花子和茂像被绳子牵著鼻子,明明刚被赶去扫雪,这会儿又悄悄蹭回门口,两个脑袋一左一右探著。

茂先开口:“我只是路过。”

花子立刻拆台:“你都路过第三次了。”

葵枝妈妈头也不回,木铲一敲锅沿:“离锅远点。油溅到脸上,哭了我可不哄。”

茂立刻后退一步,嘴还硬:“我也没想靠近……”

花子咽口水:“我也没有。”

炭吉本来在院子里搬肉,闻到味儿,耳朵也抖了两下。它很努力装没闻到,可鼻子还是不受控制地往厨房那边偏。

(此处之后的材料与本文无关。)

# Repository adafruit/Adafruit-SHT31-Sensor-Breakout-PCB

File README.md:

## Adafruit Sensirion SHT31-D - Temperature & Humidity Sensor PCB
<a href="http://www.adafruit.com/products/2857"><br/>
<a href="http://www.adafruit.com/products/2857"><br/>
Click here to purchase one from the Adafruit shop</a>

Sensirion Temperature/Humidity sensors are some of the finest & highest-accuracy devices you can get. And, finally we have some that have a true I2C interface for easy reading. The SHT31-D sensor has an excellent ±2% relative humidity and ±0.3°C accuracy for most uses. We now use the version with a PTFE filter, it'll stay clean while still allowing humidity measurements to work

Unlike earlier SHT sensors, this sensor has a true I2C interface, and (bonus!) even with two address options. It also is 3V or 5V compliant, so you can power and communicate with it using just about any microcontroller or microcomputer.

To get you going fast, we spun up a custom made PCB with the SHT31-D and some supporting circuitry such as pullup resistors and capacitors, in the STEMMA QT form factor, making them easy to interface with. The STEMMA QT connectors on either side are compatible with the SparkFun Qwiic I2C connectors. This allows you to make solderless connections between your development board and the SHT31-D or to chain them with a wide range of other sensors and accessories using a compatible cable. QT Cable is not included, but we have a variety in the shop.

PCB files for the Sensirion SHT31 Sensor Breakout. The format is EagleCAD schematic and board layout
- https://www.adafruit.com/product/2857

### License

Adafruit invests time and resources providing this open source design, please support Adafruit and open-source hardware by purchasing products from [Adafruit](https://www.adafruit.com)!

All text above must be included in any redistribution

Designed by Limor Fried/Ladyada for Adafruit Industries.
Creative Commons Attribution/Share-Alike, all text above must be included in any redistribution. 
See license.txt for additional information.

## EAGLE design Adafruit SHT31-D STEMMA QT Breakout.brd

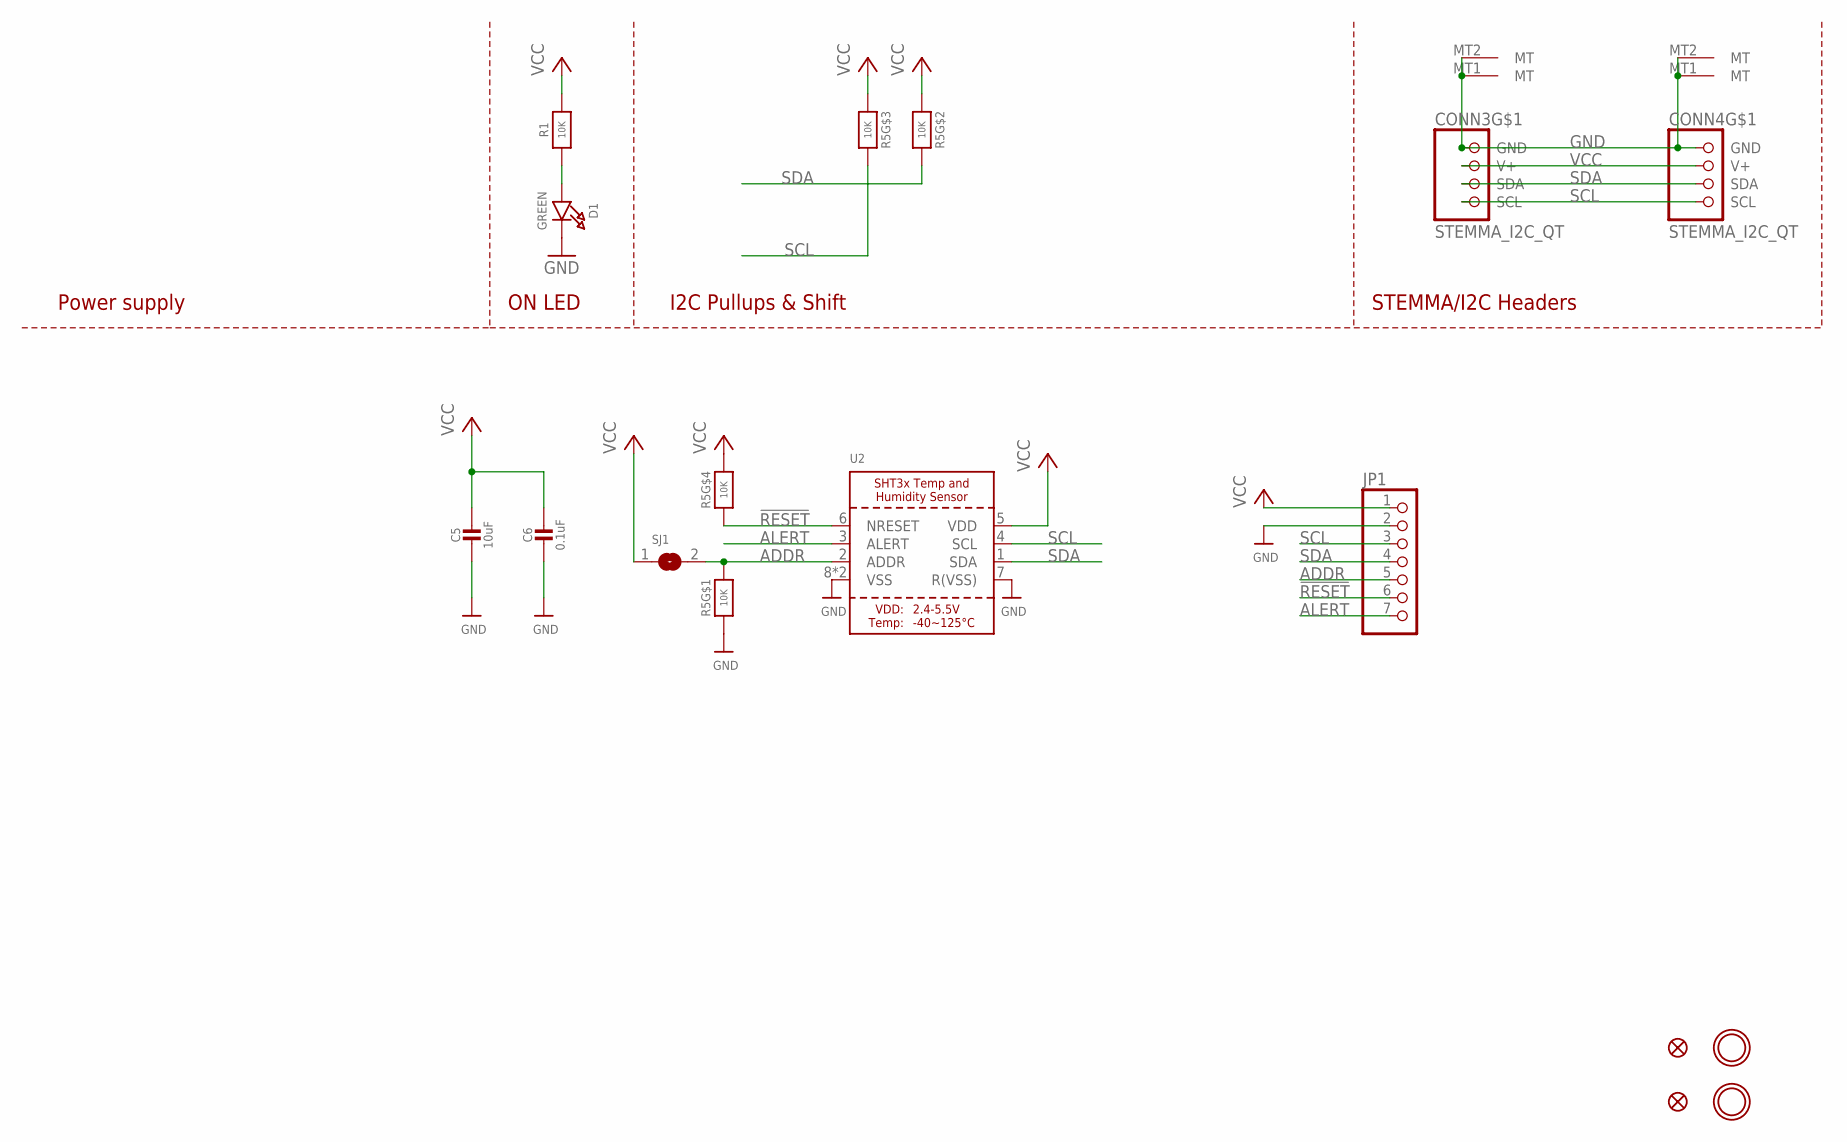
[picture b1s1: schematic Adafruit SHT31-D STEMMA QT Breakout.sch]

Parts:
C5: 10uF; 0805-NO
C6: 0.1uF; 0603-NO
CONN3, CONN4: STEMMA_I2C_QT; JST_SH4
D1: GREEN; CHIPLED_0603_NOOUTLINE
FID3, FID4: FIDUCIAL_1MM
JP1: HEADER-1X770MIL; 1X07_ROUND_70
R1: 10K; 0603-NO
R5: 10K; RESPACK_4X0603
SJ1: SOLDERJUMPER; SOLDERJUMPER_ARROW_NOPASTE
U2: SHT3X
U$19, U$20: MOUNTINGHOLE2.5; MOUNTINGHOLE_2.5_PLATED

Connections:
!RESET: JP1.6, R5.4 (1), U2.6 (NRESET)
ADDR: JP1.5, R5.8 (2), SJ1.2, U2.2 (ADDR)
ALERT: JP1.7, U2.3 (ALERT)
GND: C5.2, C6.2, CONN3.1 (GND), CONN3.MT1 (MT), CONN3.MT2 (MT), CONN4.1 (GND), CONN4.MT1 (MT), CONN4.MT2 (MT), D1.C, JP1.2, R5.1, U2.7 (R(VSS)), U2.8 (VSS), U2.THERMAL (VSS)
unnamed: D1.A, R1.1
SCL: CONN3.4 (SCL), CONN4.4 (SCL), JP1.3, R5.6 (2), U2.4 (SCL)
SDA: CONN3.3 (SDA), CONN4.3 (SDA), JP1.4, R5.7 (2), U2.1 (SDA)
VCC: C5.1, C6.1, CONN3.2 (V+), CONN4.2 (V+), JP1.1, R1.2, R5.2 (1), R5.3 (1), R5.5 (2), SJ1.1, U2.5 (VDD)

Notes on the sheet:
I2C Pullups & Shift
STEMMA/I2C Headers
ON LED
Power supply

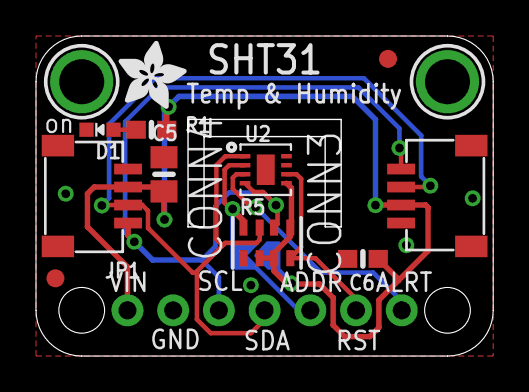
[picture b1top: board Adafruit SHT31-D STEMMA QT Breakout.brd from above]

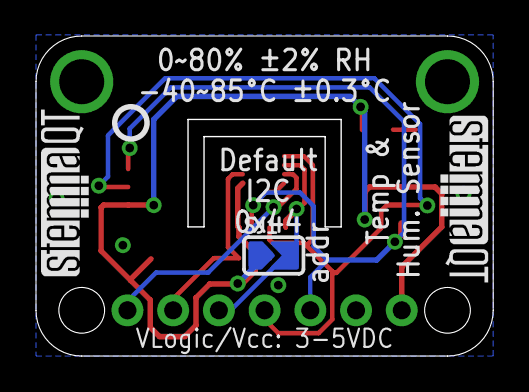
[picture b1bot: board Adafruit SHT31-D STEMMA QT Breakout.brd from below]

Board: 2 copper layers, 25.3 x 17.7 mm, 18 parts (4 on the bottom side), 8 nets.

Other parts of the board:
U$28: ADAFRUIT_3.5MM
U$29: PCBFEAT-REV-040
U$30, U$31: STEMMAQT

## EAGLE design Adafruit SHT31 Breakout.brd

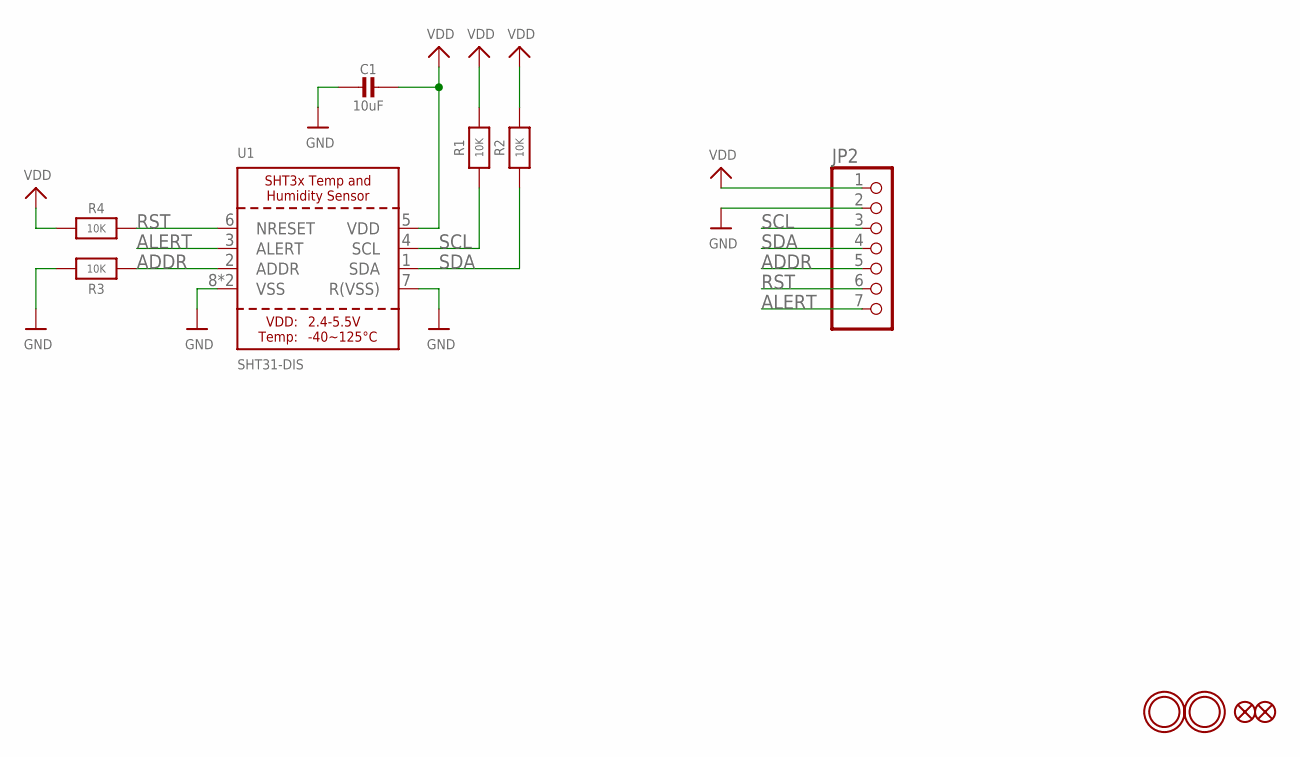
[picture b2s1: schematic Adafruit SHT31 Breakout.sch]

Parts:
C1: 10uF; 0805-NO
FID2, FID3: FIDUCIAL""; FIDUCIAL_1MM
JP2: HEADER-1X770MIL; 1X07_ROUND_70
R1, R2, R4: 10K; 0805-NO
R3: 10K; _0805MP
U1: SHT31-DIS; SHT3X
U$1, U$2: MOUNTINGHOLE2.5; MOUNTINGHOLE_2.5_PLATED

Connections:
ADDR: JP2.5, R3.1, U1.2 (ADDR)
ALERT: JP2.7, U1.3 (ALERT)
GND: C1.2, JP2.2, R3.2, U1.7 (R(VSS)), U1.8 (VSS), U1.THERMAL (VSS)
RST: JP2.6, R4.2, U1.6 (NRESET)
SCL: JP2.3, R1.1, U1.4 (SCL)
SDA: JP2.4, R2.1, U1.1 (SDA)
VDD: C1.1, JP2.1, R1.2, R2.2, R4.1, U1.5 (VDD)

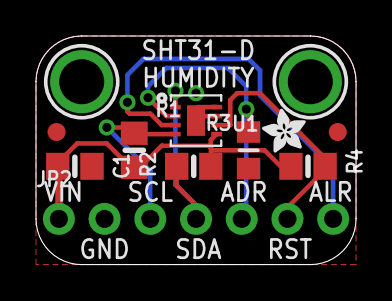
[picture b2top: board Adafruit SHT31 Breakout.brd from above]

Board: 2 copper layers, 17.8 x 12.7 mm, 13 parts (1 on the bottom side), 7 nets.

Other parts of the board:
U$11: PCBFEAT-REV-040
U$13: ADAFRUIT_2.5MM

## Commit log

2016-06-24 initied
2021-04-14 Adding QT board files.

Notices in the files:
parts and their libraries:
microbuilder: This work is placed in the public domain, and may be freely used for commercial and non-commercial work with the following conditions:

禰豆子端著盐盆出来,笑著用手肘轻轻顶了顶它:“等会儿会有油渣子,但要凉一点才能吃。”

炭吉:“……”(这也太难熬了吧。)

它憋出一声:“呼。”(我等。)

忙到太阳偏西,肉条掛上樑,油罐也装满了。

葵枝妈妈把最好的那几块肉用绳子扎好,放进乾净的篮子里,又拿布仔细盖上,像怕它被风吹走。

炭治郎把背篓背上,试著走了两步,稳。

葵枝妈妈给他理了理领口,叮嘱得很家常:“路滑,別急。盐换够,药捡好的。晚点回来没关係。”

炭治郎笑著点头:“我记著。”

炭吉一直站在旁边没说话,等到炭治郎要出门了,它才喉咙里滚了一下,像憋了很久才开口——

“吼。”(我陪你?)

花子眨巴眨巴眼,小声问茂:“它是不是想跟哥哥走?”

茂很肯定地点头:“它想当保鏢。”

炭治郎愣了一下,隨即也压低声音,像跟它商量:“……也行。”

他抬手拍了拍炭吉的胳膊外侧:“但到镇口你得更小心点。你在外面等我,別乱动。有人盯你看,你就——”

炭吉点头点得飞快。

“呼。”(我装哑巴。)

炭治郎差点笑出声,赶紧忍住:“行,装哑巴。你就站那儿,別说话就行。”

葵枝妈妈在旁边听见,直接一句把气氛压住:“可以。但路上別逞强。回来要是又一身泥,我先骂你们两个。”

炭治郎:“……嗯。”

炭吉:“呼。”(懂。)

里屋传来炭十郎温和的声音,带著一点笑意:“路上小心。盐药换到了就好,別在半路跟雪较劲。”

炭治郎应了一声:“父亲,我知道。”

炭吉也往里屋方向偏了偏头,算是“听见了”。

临走前,花子还站在门口踮脚看背篓:“哥哥,盐要换那种白白的!”

茂补一句:“药要换最苦的!苦的才有用!”

竹雄在旁边哼一声:“你俩別添乱。”

花子立刻回懟:“你又懂了?”

竹雄噎了一下,转身去擦刀,擦得特別认真,想为家里出自己的一份力。

禰豆子把门口的绳结又繫紧了一点,目送他们出去,声音很轻:“早点回来。”

炭治郎点点头。

炭吉回头看了一眼院子。

樑上肉条一排排掛著,油罐子盖得紧紧的,盐盆空了一点点,地上还散著没扫乾净的雪渣子,乱是乱,但乱得踏实。

它跟上炭治郎的脚步,斗篷一抖,挡住从山口吹来的风。